Yeah, there was one moment where we were all sitting around off set just chatting, waiting for the next set-up. One of the guys, Paul Whitehouse, is actually quite well-known for doing an impression of Michael Caine. We didn’t know if Michael knew that or not. There was one moment where we were sitting there and then Ray Winstone said, “Michael, you know that Paul does a good impression of you?” And Paul was horrified, but then Michael was like, “Go on then, let’s hear it.” It was a very amusing moment where Paul Whitehouse was doing an impression of Michael Caine for Michael Caine.
Did Michael approve?
He said he didn’t think it was very good, but I think he was being funny. Because obviously it was brilliant. It was fantastic.

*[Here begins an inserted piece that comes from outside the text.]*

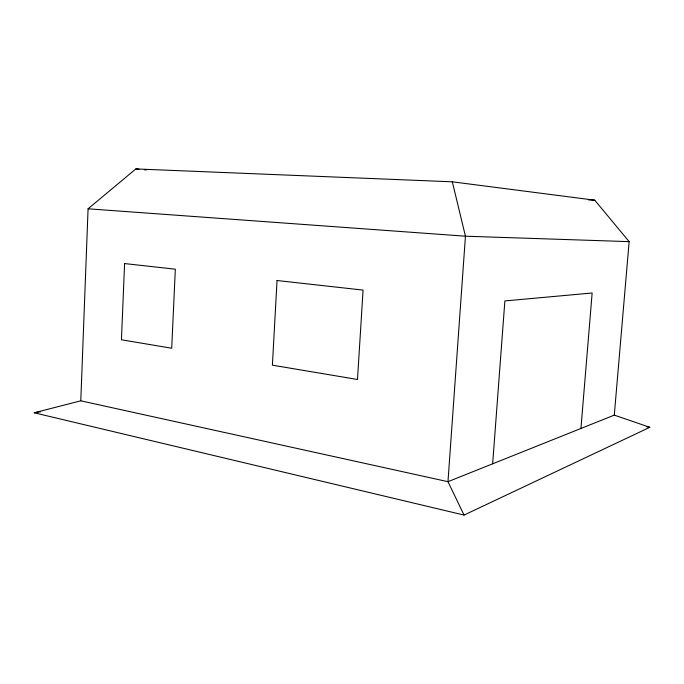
<?xml version="1.0" encoding="UTF-8"?>
<svg xmlns="http://www.w3.org/2000/svg" width="684" height="684" viewBox="0 0 684 684"><rect width="100%" height="100%" fill="white"/><g stroke="black" fill="none" stroke-linecap="round" stroke-linejoin="round"><path stroke-width="1.03" d="M80.789 400.815L88.074 208.808L135.851 168.931L452.321 181.816L594.747 200.181L629.143 241.64L614.292 415.12L447.977 481.69L80.789 400.815L34.2 412.785L464.051 515.069L649.8 427.312L614.292 415.12M492.651 463.812L504.877 300.934L592.147 292.991L580.938 428.466M34.2 412.785L40.518 411.768M629.143 241.64L465.445 236.202L88.074 208.808M588.36 199.873L594.747 200.181M135.851 168.931L139.023 169.239M144.315 169.752L146.436 169.957M646.645 426.782L649.8 427.312M464.051 515.069L447.977 481.69L465.445 236.202L452.321 181.816M124.591 263.562L121.444 339.777L171.71 348.233L175.326 269.205L124.591 263.562M277.037 280.517L272.394 365.171L357.493 379.483L363.076 290.093L277.037 280.517"/></g></svg>

What was the biggest challenge of the film?
It was trying to figure out who Basil was. Having so much information about the other guys and then there’s this fifth or sixth member who’s significantly younger and what was his role and why he was there and how did that come about? Obviously he had to be very technically savvy, because he was in charge of shutting down the alarms and all the technical stuff that those older guys didn’t know anything about. It was important he was sharp and really accomplished in that field, but then there was this other problem, which is “If he’s such a genius, why has he not got younger mates he can do this with?” It was trying to find that balance of someone who’s brilliant at what they do, but also maybe slightly weird enough that they’re not trusted.
What are you most excited for audiences to discover about the film?
The fact that it’s a true story. Often we go to the movies, and we’re transported to a whole new world and you buy into these larger-than-life situations and characters, and that’s entertainment, that’s why we go. But when you take a story like this and you remember that it happened, I think it’s extraordinary – these guys actually did this and now they’re all serving prison time. It’s just awful and wonderful and hilarious and tragic all at the same time.
You’ve learned your fair share of stunts courtesy of Daredevil – do you think you would make a good thief?
No, I think I’d be terrible. [Laughs] It’s why I like acting. If I ever have to lie in real life, I’m the worst liar. I just give myself away immediately. That’s why I like acting because when you’re acting, I can be a good liar weirdly, so no, I don’t think I would make a good thief.